While Treasury are probably very pleased with the outcome of the Altera case, many taxpayers and practitioners are surprised by the decision, and opinion is certainly divided. A continuation of the dispute seems possible and, regardless of this case, the issue and what it represents more broadly will continue to be the subject of considerable ongoing debate.
1The Tax Court Case was Altera Corp. v. Com’r., 145 T.C. 91 (2015)
2T.D. 9456, 1.482-9 Treatment of Services Under Section 482; Allocation of Income and Deductions from Intangible Property; Apportionment of Stewardship Expense (26 CFR Parts 1 and 31, and 602)
3Many companies put in claw back payment provisions for cost shared SBC’s with specific triggering events when the 2003 CSA SBC regulations were promulgated.
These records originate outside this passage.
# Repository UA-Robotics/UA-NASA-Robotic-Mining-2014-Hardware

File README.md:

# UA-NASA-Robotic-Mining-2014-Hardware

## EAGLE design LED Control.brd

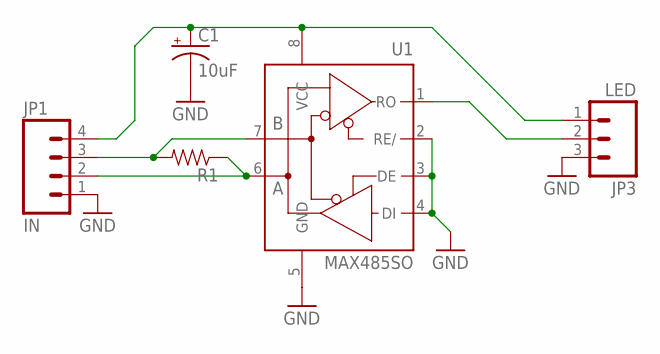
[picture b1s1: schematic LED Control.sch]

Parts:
C1: 10uF; EIA3216
JP1: IN; MOLEX-1X4_LOCK
JP3: LED; 1X03_LOCK
R1: RESISTOR0805-RES; 0805
U1: MAX485SO; SO08

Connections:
GND: C1.C (-), JP1.1, JP3.3, U1.2 (RE/), U1.3 (DE), U1.4 (DI), U1.5 (GND)
unnamed: JP1.3, R1.2, U1.7 (B)
unnamed: JP1.2, R1.1, U1.6 (A)
unnamed: C1.A (+), JP1.4, JP3.1, U1.8 (VCC)
unnamed: JP3.2, U1.1 (RO)

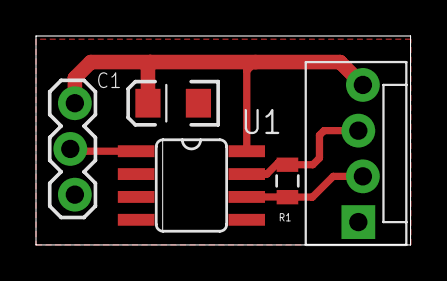
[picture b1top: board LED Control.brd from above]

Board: 2 copper layers, 20.8 x 11.6 mm, 5 parts (0 on the bottom side), 5 nets.

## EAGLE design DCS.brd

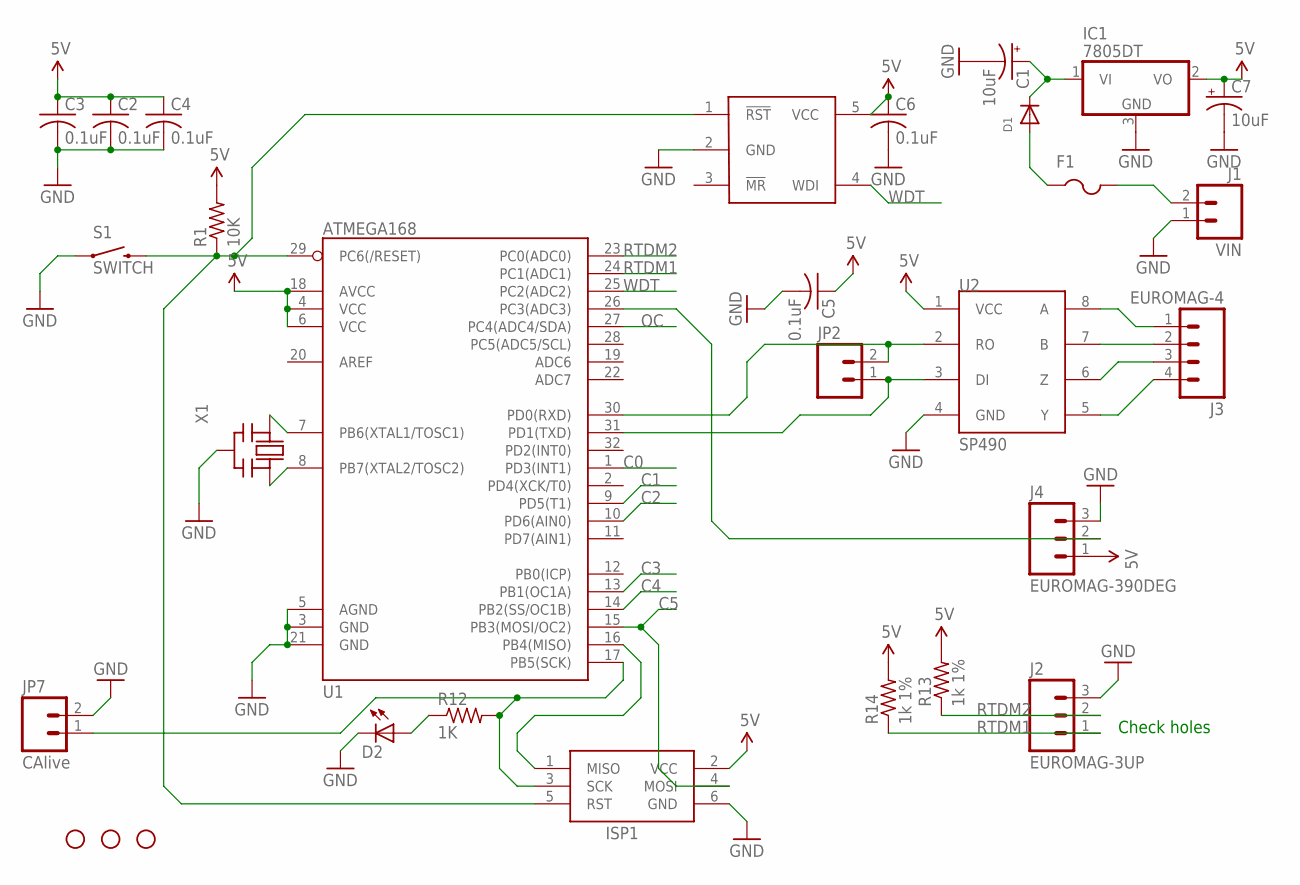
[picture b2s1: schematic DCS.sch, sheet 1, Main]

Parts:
C1: 10uF; CT6032
C2, C3, C4, C5, C6: 0.1uF; C0805
C7: 10uF; CT3216
D1: DIODESMA; SMADIODE
D2: LEDCHIPLED_0805; CHIPLED_0805
F1: PTCFUSE-1206; R1206
IC1: 7805DT; TO252
ISP1: AVRISP-6; AVRISP
J1: VIN; M2
J2: EUROMAG-3UP; M3-UP
J3: EUROMAG-4; M4
J4: EUROMAG-390DEG; M3
JP1, JP3, JP5: STAND-OFF
JP2: M02LOCK; 1X02_LOCK
JP7: CAlive; MOLEX-1X2_LOCK
R1: 10K; M0805
R12: 1K; M0805
R13, R14: 1k 1%; M0805
S1: SWITCH; TACTILE-PTH
U1: ATMEGA168; TQFP32-08
U2: SP490; SO08
U3: MAX823; SOT23-5L
X1: CERMOSCILL-AWCSR; AWCSR

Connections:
5V: C2.1, C3.1, C4.1, C5.1, C6.1, C7.+, IC1.2 (VO), ISP1.2 (VCC), J4.1, R1.2, R13.2, R14.2, U1.4 (VCC), U1.6 (VCC), U1.18 (AVCC), U2.1 (VCC), U3.5 (VCC); also elsewhere on the board
C0: U1.1 (PD3(INT1)); also elsewhere on the board
C1: U1.9 (PD5(T1)); also elsewhere on the board
C2: U1.10 (PD6(AIN0)); also elsewhere on the board
C3: U1.13 (PB1(OC1A)); also elsewhere on the board
C4: U1.14 (PB2(SS/OC1B)); also elsewhere on the board
C5: ISP1.4 (MOSI), U1.15 (PB3(MOSI/OC2)); also elsewhere on the board
GND: C1.-, C2.2, C3.2, C4.2, C5.2, C6.2, C7.-, D2.C, IC1.3 (GND), ISP1.6 (GND), J1.1, J2.3, J4.3, JP7.2, S1.1, U1.3 (GND), U1.5 (AGND), U1.21 (GND), U2.4 (GND), U3.2 (GND), X1.2 (GND); also elsewhere on the board
unnamed: JP2.2, U1.30 (PD0(RXD)), U2.2 (RO)
unnamed: F1.2, J1.2
unnamed: JP2.1, U1.31 (PD1(TXD)), U2.3 (DI)
unnamed: ISP1.5 (RST), R1.1, S1.3 (2), U1.29 (PC6(/RESET)), U3.1 (!RST)
unnamed: U1.8 (PB7(XTAL2/TOSC2)), X1.3 (OUT)
unnamed: J3.1, U2.8 (A)
unnamed: ISP1.1 (MISO), U1.16 (PB4(MISO))
unnamed: D1.A, F1.1
unnamed: U1.7 (PB6(XTAL1/TOSC1)), X1.1 (IN)
unnamed: D2.A, R12.1
unnamed: J3.2, U2.7 (B)
unnamed: J3.3, U2.6 (Z)
unnamed: C1.+, D1.C, IC1.1 (VI)
unnamed: J3.4, U2.5 (Y)
unnamed: J4.2, U1.26 (PC3(ADC3))
OC: U1.27 (PC4(ADC4/SDA)); also elsewhere on the board
RTDM1: J2.1, R14.1, U1.24 (PC1(ADC1))
RTDM2: J2.2, R13.1, U1.23 (PC0(ADC0))
SCLK: ISP1.3 (SCK), JP7.1, R12.2, U1.17 (PB5(SCK))
WDT: U1.25 (PC2(ADC2)), U3.4 (WDI)

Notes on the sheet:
Check holes

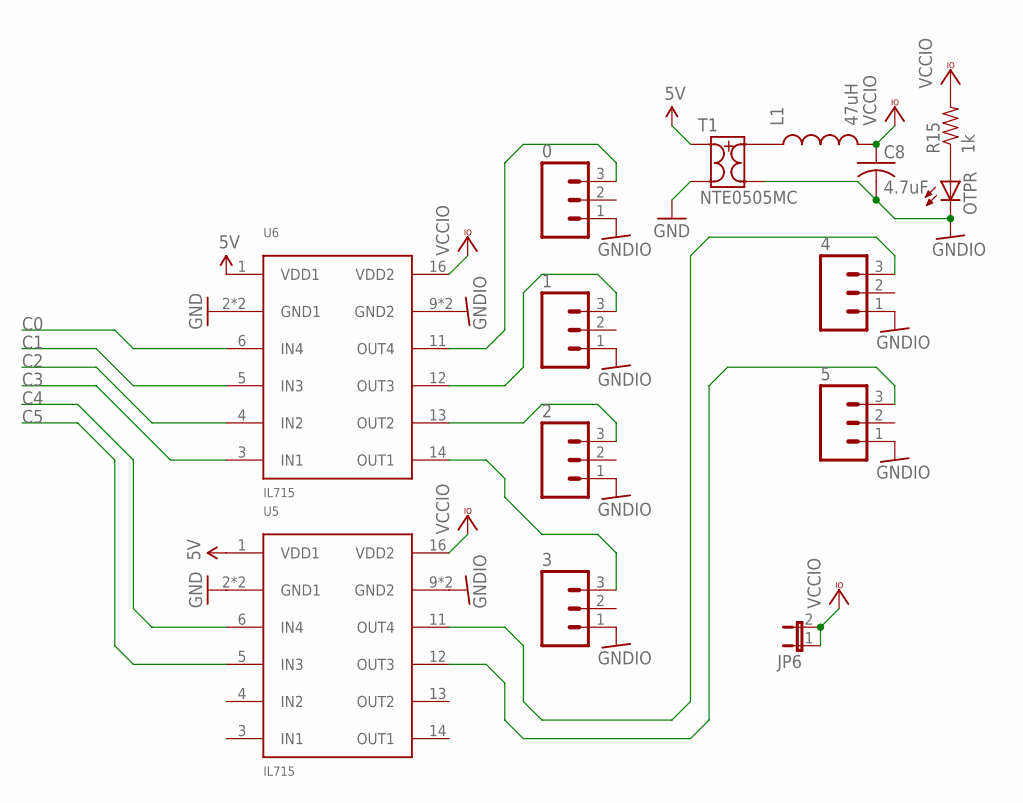
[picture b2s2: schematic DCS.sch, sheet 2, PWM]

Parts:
0, 1, 2, 3, 4, 5: M03PTH; 1X03
C8: 4.7uF; C0805
JP6: JUMPER-2SMD-NO; SJ_2S-NO
L1: 47uH; 0805
OTPR: LEDCHIP-LED0805; CHIP-LED0805
R15: 1k; 0805
T1: NTE0505MC; SO-8FT
U5, U6: IL715; S016

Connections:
5V: T1.3 (1), U5.1 (VDD1), U6.1 (VDD1); also elsewhere on the board
C0: U6.6 (IN4); also elsewhere on the board
C1: U6.5 (IN3); also elsewhere on the board
C2: U6.4 (IN2); also elsewhere on the board
C3: U6.3 (IN1); also elsewhere on the board
C4: U5.6 (IN4); also elsewhere on the board
C5: U5.5 (IN3); also elsewhere on the board
GND: T1.1 (2), U5.2 (GND1), U5.8 (GND1), U6.2 (GND1), U6.8 (GND1); also elsewhere on the board
GNDIO: 0.1, 1.1, 2.1, 3.1, 4.1, 5.1, C8.2, OTPR.C, T1.7 (3), U5.9 (GND2), U5.15 (GND2), U6.9 (GND2), U6.15 (GND2)
unnamed: OTPR.A, R15.1
unnamed: L1.1, T1.8 (4)
unnamed: 0.3, U6.11 (OUT4)
unnamed: 2.3, U6.13 (OUT2)
unnamed: 3.3, U6.14 (OUT1)
unnamed: 4.3, U5.11 (OUT4)
unnamed: 5.3, U5.12 (OUT3)
unnamed: 1.3, U6.12 (OUT3)
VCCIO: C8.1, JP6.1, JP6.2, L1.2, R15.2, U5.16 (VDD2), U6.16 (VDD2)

When the Xilinx and/or Altera Tax Court decisions came out many companies stopped sharing SBC costs and may have also included additional adjustment terms in the event that SBC’s were later found to be chargeable.
4H.R. 1, Public Law 115–97 (12/22/2017)
5T.D. 9568, 1.482-7 Section 482: Methods to Determine Taxable Income in Connection With a Cost Sharing Arrangement (26 CFR Parts 1, 301 and 602)
6We note that the Ninth Circuit did not try and apply the regulations retroactively in the Xilinx case, and we hear again Judge Foley’s comments in the opinion in the Veritas case about taxpayers needing to be “compliant but not prescient”.
7Consideration the realistic alternatives of the parties and aggregation were both part of the 1994/1995 rewrite of the Treasury regulations under IRC §482 but the terms were only added to the language of IRC §482 as part of the TCJA at the end of 2017.
8FAR 31.205-6(i) deems compensation based upon stock performance strictly an unallowable cost, stating in part: “Any compensation which is calculated, or valued, based on changes in the price of corporate securities is unallowable.”